Task instructions> Although the entries hold pictures, only their words are printed back, exactly as given.
↓
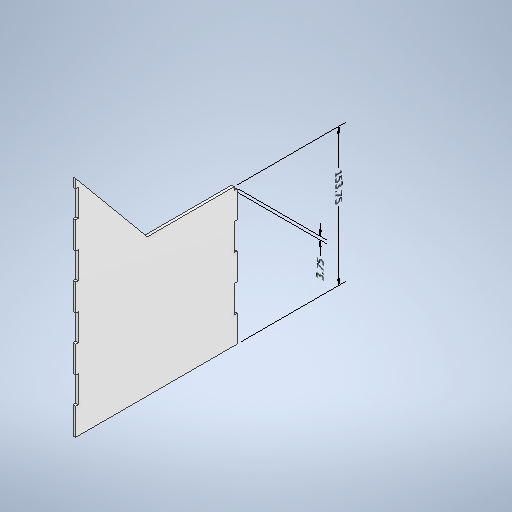
# Autodesk Inventor part: Q side 1
Saved by Autodesk Inventor 2025.3 (Build 293356000, 356)
## iProperties
Created: 2026-04-17
Part Number: Q side 1
Material: ABS Plastic
Document SubType Name: Modeling
Designer: logien
Density: 1.06 g/cm^3
Appearance: Smooth - White
Author: logien
Autodesk Inventor part; units mm, degrees
ref_plane "YZ Plane" through (0, 0, 0) normal (1, 0, 0) x (0, 1, 0)
ref_plane "XZ Plane" through (0, 0, 0) normal (0, 1, 0) x (-1, 0, 0)
ref_plane "XY Plane" through (0, 0, 0) normal (0, 0, 1) x (1, 0, 0)
sketch "Sketch2" plane through (0, 0, 0) normal (1, 0, 0) x (0, 1, 0)
  line L0 (0, -180) -> (0, 0)
  line L1 (0, 0) -> (30, 0)
  line L2 (30, 0) -> (30, -3)
  line L3 (30, -3) -> (60, -3)
  line L4 (60, -3) -> (60, 0)
  line L5 (60, 0) -> (90, 0)
  line L6 (90, 0) -> (90, -3)
  line L7 (90, -3) -> (120, -3)
  line L8 (120, -3) -> (120, 0)
  line L9 (120, 0) -> (150, 0)
  line L10 (150, 0) -> (150, -3)
  line L11 (150, -3) -> (180, -3)
  line L12 (180, -3) -> (180, 0)
  line L13 (180, 0) -> (210, 0)
  line L14 (210, 0) -> (210, -3)
  line L15 (210, -3) -> (240, -3)
  line L16 (240, -3) -> (240, 0)
  line L17 (240, 0) -> (250, 0)
  line L18 (153.75, -180) -> (153.75, -80)
  line L19 (153.75, -80) -> (250, 0)
  line L20 (0, -90) -> (37, -90) construction
  line L21 (0, -180) -> (30, -180)
  line L22 (30, -180) -> (30, -177)
  line L23 (30, -177) -> (60, -177)
  line L24 (60, -177) -> (60, -180)
  line L25 (60, -180) -> (90, -180)
  line L26 (90, -180) -> (90, -177)
  line L27 (90, -177) -> (120, -177)
  line L28 (120, -177) -> (120, -180)
  line L29 (120, -180) -> (150, -180)
  line L30 (150, -180) -> (150, -177)
  line L31 (150, -177) -> (153.75, -177)
  line L32 (153.75, -180) -> (180, -180)
  line L33 (153.75, -180) -> (0, -180)
  point P0 (180, -177)
  point P1 (210, -180)
  dimension "d25" = 180
  dimension "d26" = 250
  dimension "d27" = 30
  dimension "d28" = 3
  dimension "d29" = 30
  dimension "d30" = 3
  dimension "d31" = 30
  dimension "d32" = 3
  dimension "d33" = 30
  dimension "d34" = 3
  dimension "d35" = 30
  dimension "d36" = 3
  dimension "d37" = 30
  dimension "d38" = 3
  dimension "d39" = 30
  dimension "d40" = 3
  dimension "d41" = 30
  dimension "d42" = 3
  dimension "d43" = 10
  dimension "d47" = 203
  dimension "d51" = 100
  constraints: 68 end point, 12 point on line, 12 symmetric about line, 10 parallel, 2 perpendicular, 2 vertical, 1 horizontal, 1 midpoint
  measures "d25" distance of L0.start L0.end
  measures "d26" distance of L0.end L17.end
  measures "d27" distance of L0.end L1.end
  measures "d28" distance of L1.end L2.end
  measures "d29" distance of L2.end L3.end
  measures "d30" distance of L3.end L4.end
  measures "d31" distance of L4.end L5.end
  measures "d32" distance of L5.end L6.end
  measures "d33" distance of L6.end L7.end
  measures "d34" distance of L7.end L8.end
  measures "d35" distance of L8.end L9.end
  measures "d36" distance of L9.end L10.end
  measures "d37" distance of L10.end L11.end
  measures "d38" distance of L11.end L12.end
  measures "d39" distance of L12.end L13.end
  measures "d40" distance of L13.end L14.end
  measures "d41" distance of L14.end L15.end
  measures "d42" distance of L15.end L16.end
  measures "d43" distance of L16.end L17.end
  measures "d47" distance from line of L20.end L16
  measures "d51" distance of L18.start L18.end
extrude "Extrusion2" add sketch "Sketch2" along normal blind 3 contours L0 L1 L2 L3 L4 L5 L6 L7 L8 L9 L10 L11 L12 L13 L14 L15 L16 L17 L19 L18 L31 L30 L29 L28 L27 L26 L25 L24 L23 L22 L21
body "Solid2"
↑
Task solution>
# Autodesk Inventor part: Q side 1
Saved by Autodesk Inventor 2025.3 (Build 293356000, 356)
## iProperties
Created: 2026-04-17
Part Number: Q side 1
Material: ABS Plastic
Document SubType Name: Modeling
Designer: logien
Density: 1.06 g/cm^3
Appearance: Smooth - White
Author: logien
Autodesk Inventor part; units mm, degrees
ref_plane "YZ Plane" through (0, 0, 0) normal (1, 0, 0) x (0, 1, 0)
ref_plane "XZ Plane" through (0, 0, 0) normal (0, 1, 0) x (-1, 0, 0)
ref_plane "XY Plane" through (0, 0, 0) normal (0, 0, 1) x (1, 0, 0)
sketch "Sketch2" plane through (0, 0, 0) normal (1, 0, 0) x (0, 1, 0)
  line L0 (0, -180) -> (0, 0)
  line L1 (0, 0) -> (30, 0)
  line L2 (30, 0) -> (30, -3)
  line L3 (30, -3) -> (60, -3)
  line L4 (60, -3) -> (60, 0)
  line L5 (60, 0) -> (90, 0)
  line L6 (90, 0) -> (90, -3)
  line L7 (90, -3) -> (120, -3)
  line L8 (120, -3) -> (120, 0)
  line L9 (120, 0) -> (150, 0)
  line L10 (150, 0) -> (150, -3)
  line L11 (150, -3) -> (180, -3)
  line L12 (180, -3) -> (180, 0)
  line L13 (180, 0) -> (210, 0)
  line L14 (210, 0) -> (210, -3)
  line L15 (210, -3) -> (240, -3)
  line L16 (240, -3) -> (240, 0)
  line L17 (240, 0) -> (250, 0)
  line L18 (153.75, -180) -> (153.75, -80)
  line L19 (153.75, -80) -> (250, 0)
  line L20 (0, -90) -> (37, -90) construction
  line L21 (0, -180) -> (30, -180)
  line L22 (30, -180) -> (30, -177)
  line L23 (30, -177) -> (60, -177)
  line L24 (60, -177) -> (60, -180)
  line L25 (60, -180) -> (90, -180)
  line L26 (90, -180) -> (90, -177)
  line L27 (90, -177) -> (120, -177)
  line L28 (120, -177) -> (120, -180)
  line L29 (120, -180) -> (150, -180)
  line L30 (150, -180) -> (150, -177)
  line L31 (150, -177) -> (153.75, -177)
  line L32 (153.75, -180) -> (180, -180)
  line L33 (153.75, -180) -> (0, -180)
  point P0 (180, -177)
  point P1 (210, -180)
  dimension "d25" = 180
  dimension "d26" = 250
  dimension "d27" = 30
  dimension "d28" = 3
  dimension "d29" = 30
  dimension "d30" = 3
  dimension "d31" = 30
  dimension "d32" = 3
  dimension "d33" = 30
  dimension "d34" = 3
  dimension "d35" = 30
  dimension "d36" = 3
  dimension "d37" = 30
  dimension "d38" = 3
  dimension "d39" = 30
  dimension "d40" = 3
  dimension "d41" = 30
  dimension "d42" = 3
  dimension "d43" = 10
  dimension "d47" = 203
  dimension "d51" = 100
  constraints: 68 end point, 12 point on line, 12 symmetric about line, 10 parallel, 2 perpendicular, 2 vertical, 1 horizontal, 1 midpoint
  measures "d25" distance of L0.start L0.end
  measures "d26" distance of L0.end L17.end
  measures "d27" distance of L0.end L1.end
  measures "d28" distance of L1.end L2.end
  measures "d29" distance of L2.end L3.end
  measures "d30" distance of L3.end L4.end
  measures "d31" distance of L4.end L5.end
  measures "d32" distance of L5.end L6.end
  measures "d33" distance of L6.end L7.end
  measures "d34" distance of L7.end L8.end
  measures "d35" distance of L8.end L9.end
  measures "d36" distance of L9.end L10.end
  measures "d37" distance of L10.end L11.end
  measures "d38" distance of L11.end L12.end
  measures "d39" distance of L12.end L13.end
  measures "d40" distance of L13.end L14.end
  measures "d41" distance of L14.end L15.end
  measures "d42" distance of L15.end L16.end
  measures "d43" distance of L16.end L17.end
  measures "d47" distance from line of L20.end L16
  measures "d51" distance of L18.start L18.end
extrude "Extrusion2" add sketch "Sketch2" along normal blind 3 contours L0 L1 L2 L3 L4 L5 L6 L7 L8 L9 L10 L11 L12 L13 L14 L15 L16 L17 L19 L18 L31 L30 L29 L28 L27 L26 L25 L24 L23 L22 L21
body "Solid2"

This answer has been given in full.